Fred Mogul, Reporter, WNYC News
Fred Mogul has been covering healthcare and medicine for WNYC since 2002.
Thoughts on the Hardest Working (and most Self-Serious) Septuagenarian in Showbiz
To watch Bruce Springsteen is to marvel at his physical energy and hope you can move half so good at age 60. To listen to Leonard Cohen is to be in awe of his pipes and hope that at age 75 your voice could have a fraction of his timbre and vitality. His bass still rumbles fierce, the edges are there, and those deep, rich tones seem NOT to have softened and mellowed over time the way people are always describing fine wine and Scotch.
And then there's the songs.
It's still tough for me to take a whole bunch of Leonard Cohen songs at one sitting. He just doesn't have the emotional range or the sudden, surprising imagery of a Paul Simon or Bob Dylan, or even a Springsteen or Elvis Costello. And this comes from someone who's a sucker for a certain kind of coming-of-age self-flagellation. Don't tell anyone, but I still have a soft spot for J.D. Salinger.

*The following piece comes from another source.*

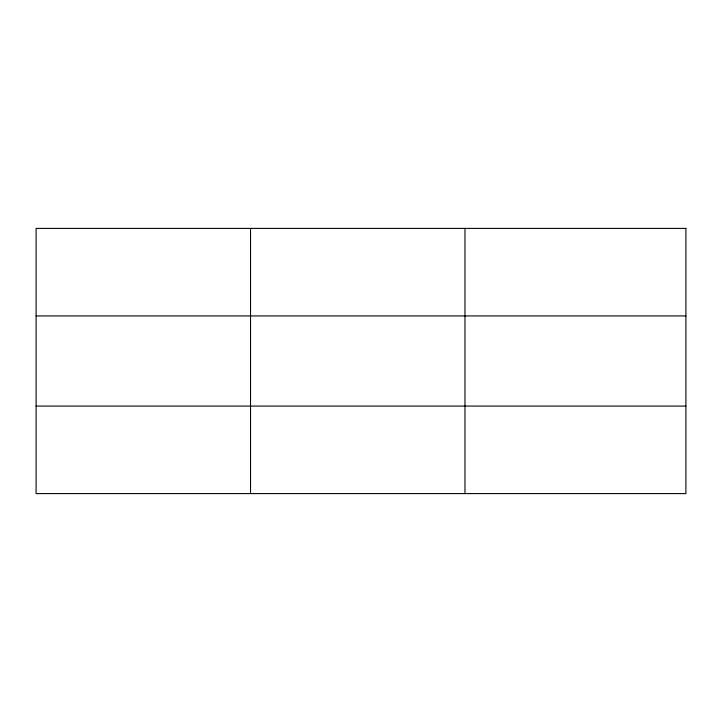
<?xml version="1.0" encoding="UTF-8"?>
<svg xmlns="http://www.w3.org/2000/svg" width="722" height="722" viewBox="0 0 722 722"><rect width="100%" height="100%" fill="white"/><g stroke="black" fill="none" stroke-linecap="round" stroke-linejoin="round"><path stroke-width="1.08" d="M250.534 228.405L250.534 493.595M464.968 228.405L464.968 493.595M36.1 315.92L685.9 315.92M36.1 406.08L685.9 406.08M685.9 228.405L685.9 493.595L36.1 493.595L36.1 228.405L685.9 228.405"/></g></svg>

But the die-hard Leonard Cohen fans who surrounded me at the Beacon -- man, they must be in a whole different league, when it comes to the morose self-seriousness that, forgive me, I associate with adolescence.
One Aussie sitting near me told an ecstatic thirty-something woman with a vast, unruly Jewfro that he wept during the song "Everybody Knows."
Said the Aussie, of Cohen: "He must be one of the coolest cats ever."